Great twentieth century leaders – from all continents of the world -- played vital roles in making our world a fairer, safer and more peaceful place. How did they do it? What lessons can be drawn for our future global agenda? Bruce W. Jentleson shows how these leaders of a variety of types―national, international, institutional, sociopolitical, nongovernmental ― rewrote the zero-sum scripts they were handed and successfully made breakthroughs on issues long thought intractable.
They include Henry Kissinger, Zhou Enlai, and the U.S.-China opening; Mikhail Gorbachev and the end of the Cold War; Dag Hammarskjöld’s exceptional effectiveness as United Nations secretary-general; Nelson Mandela and South African reconciliation; Yitzhak Rabin seeking Arab-Israeli peace; Mahatma Gandhi as exemplar of anticolonialism and an apostle of nonviolence; Lech Walesa and ending Soviet bloc communism; Gro Harlem Brundtland and fostering global sustainability; and a number of others. Jentleson tells us who each leader was as an individual, why they made the choices they did, how they pursued their goals, and what they were (and weren’t) able to achieve.

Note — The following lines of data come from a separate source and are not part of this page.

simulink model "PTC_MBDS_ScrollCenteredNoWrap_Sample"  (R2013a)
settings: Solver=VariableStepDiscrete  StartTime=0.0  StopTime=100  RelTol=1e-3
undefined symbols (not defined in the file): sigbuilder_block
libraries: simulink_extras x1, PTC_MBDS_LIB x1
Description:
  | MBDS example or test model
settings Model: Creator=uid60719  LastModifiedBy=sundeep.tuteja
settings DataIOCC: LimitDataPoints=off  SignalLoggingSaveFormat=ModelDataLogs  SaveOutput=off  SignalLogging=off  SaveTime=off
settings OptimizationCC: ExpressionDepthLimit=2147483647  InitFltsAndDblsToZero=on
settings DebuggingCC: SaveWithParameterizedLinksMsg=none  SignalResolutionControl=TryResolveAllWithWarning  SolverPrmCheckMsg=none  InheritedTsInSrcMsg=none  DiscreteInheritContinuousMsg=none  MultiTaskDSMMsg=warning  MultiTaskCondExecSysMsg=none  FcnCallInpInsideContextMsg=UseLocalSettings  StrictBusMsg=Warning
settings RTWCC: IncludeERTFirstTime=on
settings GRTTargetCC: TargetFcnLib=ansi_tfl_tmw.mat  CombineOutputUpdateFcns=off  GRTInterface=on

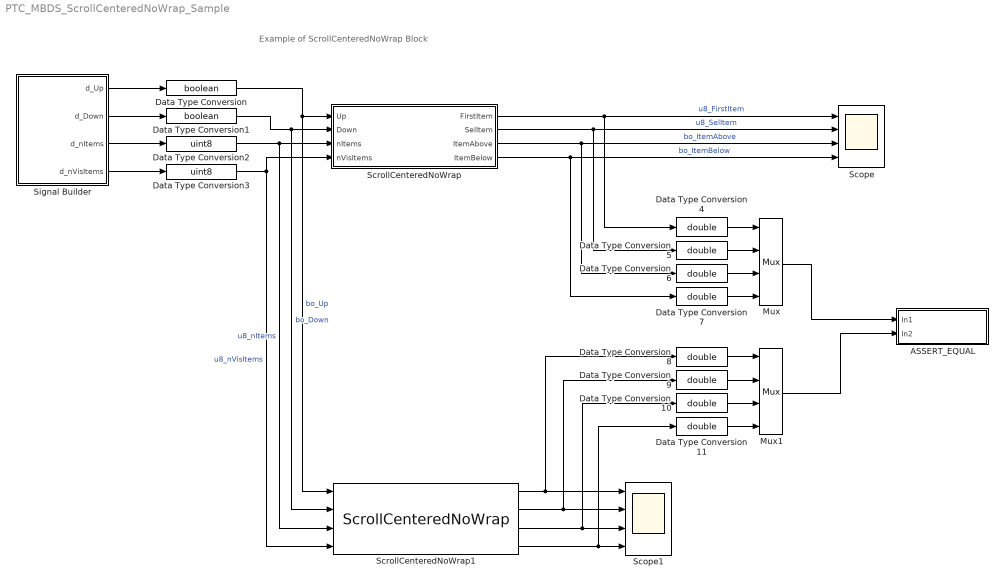
== system PTC_MBDS_ScrollCenteredNoWrap_Sample ==
  note: Example of ScrollCenteredNoWrap Block
  ASSERT_EQUAL : Subsystem
  Data Type Conversion : DataTypeConversion  OutDataTypeStr=boolean
      settings: MoveFcn=UpdateBlockSize(gcb);
  Data Type Conversion1 : DataTypeConversion  OutDataTypeStr=boolean
      settings: MoveFcn=UpdateBlockSize(gcb);
  Data Type Conversion2 : DataTypeConversion  OutDataTypeStr=uint8
      settings: MoveFcn=UpdateBlockSize(gcb);
  Data Type Conversion3 : DataTypeConversion  OutDataTypeStr=uint8
      settings: MoveFcn=UpdateBlockSize(gcb);
  Data Type Conversion{4..11} (8 alike) : DataTypeConversion  OutDataTypeStr=double
  Mux : Mux
  Mux1 : Mux
  Scope : Scope  NumInputPorts=4
      settings: YMin=-5~-5~-5~-5  YMax=5~5~5~5
  Scope1 : Scope  NumInputPorts=4
      settings: YMin=-5~-5~-5~-5  YMax=5~5~5~5
  ScrollCenteredNoWrap : Subsystem  InitFcn=|  mask(ScrollCenteredNoWrap){MBDS_LibraryBlock=on, MBDS_BlockVersion=05.40}
      | if(exist('MBDS_BlockCallback', 'file'))
      |    MBDS_BlockCallback('Update', gcb);
      | end
      mask prompts: MBDS_LibraryBlock "MBDS Library Block"; MBDS_BlockVersion "Block version:"
      mask help: Scroll within a list box and provide a centered selected/highlighted item. There is no roundtrip or wrap around at the beginning or end of the list.
      mask init:
      | if(exist('MBDS_BlockCallback', 'file'))
      |    MBDS_BlockCallback('Copy', gcb);
      | end
      mask Help: eval(['open([workdir(''Library_Dir:''),''\Blockset\Help\'',get_param(gcb,''MaskType''),''.html''])'])
      mask Display: disp(sprintf('Scroll\nCentered\nNo Wrap'))
  ScrollCenteredNoWrap1 : PTC_MBDS_LIB/MBDS Standard Library/Extended Operations/HMI/ScrollCenteredNoWrap  PTC_MBDS_BlockVersion=5.32  PTC_BlockType=PTC_MBDS_ScrollCenteredNoWrap
  Signal Builder : Subsystem  Tag=STV Subsys  LoadFcn=sigbuilder_block('load');  StartFcn=sigbuilder_block('start');  StopFcn=sigbuilder_block('stop');  ClipboardFcn=sigbuilder_block('clipboard');  mask(Sigbuilder block){}
      mask help: Create and generate interchangeable groups of signals whose waveforms are piecewise linear.
      mask init:
      | if ~strcmp(get_param(bdroot(gcbh),'SimulationStatus'),'stopped') tuvar = sigbuilder_block('maskInit'); end
      settings: CopyFcn=sigbuilder_block('copy');  DeleteFcn=sigbuilder_block('delete');  ModelCloseFcn=sigbuilder_block('modelClose');  PreSaveFcn=sigbuilder_block('preSave');  PauseFcn=sigbuilder_block('pause')  ContinueFcn=sigbuilder_block('continue')  NameChangeFcn=sigbuilder_block('namechange');  OpenFcn=sigbuilder_block('open',[78.75 74.25 550.5 399.75 ]);  CloseFcn=sigbuilder_block('close');
      mask Display: plot(0,0,100,100,[10,10,40,40,10],[80,20,20,80,80],[40,10],[50,50], [40,27,10],[65,72,56],[40,25,25,10],[28,28,43,43]);
  wires:
  Signal Builder/1(d_Up) -> Data Type Conversion/1
  Signal Builder/2(d_Down) -> Data Type Conversion1/1
  Signal Builder/3(d_nItems) -> Data Type Conversion2/1
  Signal Builder/4(d_nVisItems) -> Data Type Conversion3/1
  Data Type Conversion/1 -> ScrollCenteredNoWrap/1(Up), ScrollCenteredNoWrap1/1  "bo_Up"
  Data Type Conversion1/1 -> ScrollCenteredNoWrap/2(Down), ScrollCenteredNoWrap1/2  "bo_Down"
  Data Type Conversion2/1 -> ScrollCenteredNoWrap/3(nItems), ScrollCenteredNoWrap1/3  "u8_nItems"
  Data Type Conversion3/1 -> ScrollCenteredNoWrap/4(nVisItems), ScrollCenteredNoWrap1/4  "u8_nVisItems"
  ScrollCenteredNoWrap/1(FirstItem) -> Data Type Conversion4/1, Scope/1  "u8_FirstItem"
  ScrollCenteredNoWrap/2(SelItem) -> Data Type Conversion5/1, Scope/2  "u8_SelItem"
  ScrollCenteredNoWrap/3(ItemAbove) -> Data Type Conversion6/1, Scope/3  "bo_ItemAbove"
  ScrollCenteredNoWrap/4(ItemBelow) -> Data Type Conversion7/1, Scope/4  "bo_ItemBelow"
  ScrollCenteredNoWrap1/2 -> Scope1/2, Data Type Conversion9/1
  ScrollCenteredNoWrap1/1 -> Scope1/1, Data Type Conversion8/1
  ScrollCenteredNoWrap1/3 -> Data Type Conversion10/1, Scope1/3
  ScrollCenteredNoWrap1/4 -> Scope1/4, Data Type Conversion11/1
  Data Type Conversion4/1 -> Mux/1
  Data Type Conversion5/1 -> Mux/2
  Data Type Conversion6/1 -> Mux/3
  Data Type Conversion7/1 -> Mux/4
  Data Type Conversion8/1 -> Mux1/1
  Data Type Conversion9/1 -> Mux1/2
  Data Type Conversion10/1 -> Mux1/3
  Data Type Conversion11/1 -> Mux1/4
  Mux/1 -> ASSERT_EQUAL/1(In1)
  Mux1/1 -> ASSERT_EQUAL/2(In2)

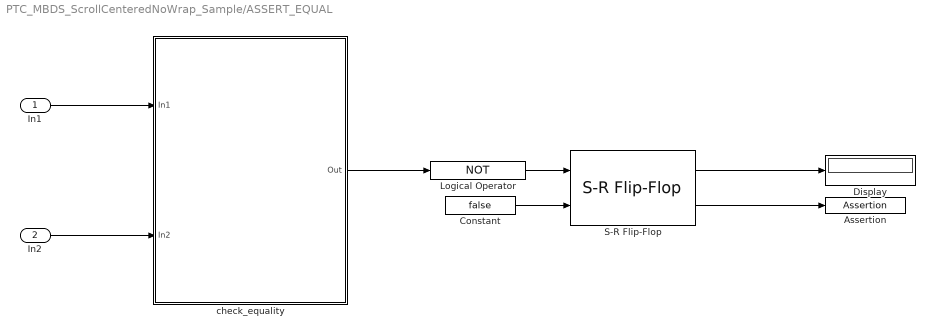
== system PTC_MBDS_ScrollCenteredNoWrap_Sample/ASSERT_EQUAL ==
  In1 : Inport
  In2 : Inport  Port=2
  Assertion : Assertion
  Constant : Constant  Value=false
  Display : Display
  Logical Operator : Logic  Operator=NOT  AllPortsSameDT=off  OutDataTypeStr=boolean
  S-R Flip-Flop : simulink_extras/Flip Flops/S-R Flip-Flop  initial_condition=0
  check_equality : MATLAB Function  TreatAsAtomicUnit=on
  wires:
  S-R Flip-Flop/1 -> Display/1
  check_equality/1(Out) -> Logical Operator/1
  Constant/1 -> S-R Flip-Flop/2
  S-R Flip-Flop/2 -> Assertion/1
  In2/1 -> check_equality/2(In2)
  In1/1 -> check_equality/1(In1)
  Logical Operator/1 -> S-R Flip-Flop/1

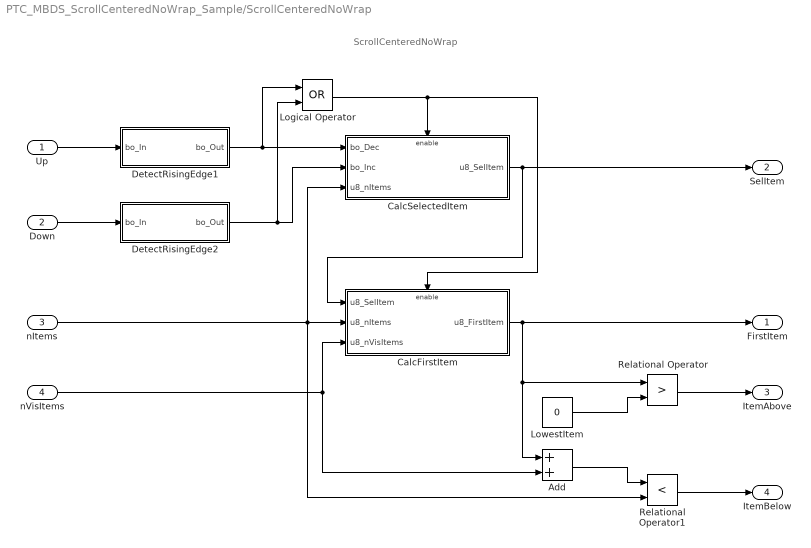
== system PTC_MBDS_ScrollCenteredNoWrap_Sample/ScrollCenteredNoWrap ==
  note: ScrollCenteredNoWrap
  Up : Inport  OutDataTypeStr=boolean  PortDimensions=1
  Down : Inport  Port=2  OutDataTypeStr=boolean  PortDimensions=1
  nItems : Inport  Port=3  OutDataTypeStr=uint8  PortDimensions=1
  nVisItems : Inport  Port=4  OutDataTypeStr=uint8  PortDimensions=1
  Add : Sum
  CalcFirstItem : Subsystem  TreatAsAtomicUnit=on
  CalcSelectedItem : Subsystem  TreatAsAtomicUnit=on
  DetectRisingEdge1 : Subsystem
  DetectRisingEdge2 : Subsystem
  Logical Operator : Logic  Operator=OR  AllPortsSameDT=off  OutDataTypeStr=boolean
  LowestItem : Constant  Value=0  OutDataTypeStr=uint8
  Relational Operator : RelationalOperator  Operator=>  OutDataTypeStr=boolean
  Relational Operator1 : RelationalOperator  Operator=<  OutDataTypeStr=boolean
  FirstItem : Outport  OutDataTypeStr=uint8  PortDimensions=1
  SelItem : Outport  Port=2  OutDataTypeStr=uint8  PortDimensions=1
  ItemAbove : Outport  Port=3  OutDataTypeStr=boolean  PortDimensions=1
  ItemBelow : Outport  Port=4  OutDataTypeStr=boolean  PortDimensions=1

Bruce W. Jentleson is professor of public policy and political science at Duke University, where he served from 2000 to 2005 as director of the Terry Sanford Institute of Public Policy. He has served as a senior advisor to the U.S. State Department Policy Planning Director; as a foreign policy aide in the U.S. Senate; and as foreign policy advisor to Al Gore during his 2000 presidential campaign. In addition to numerous articles, he is the co-author of The End of Arrogance: America in the Global Competition of Ideas, with Steven Weber.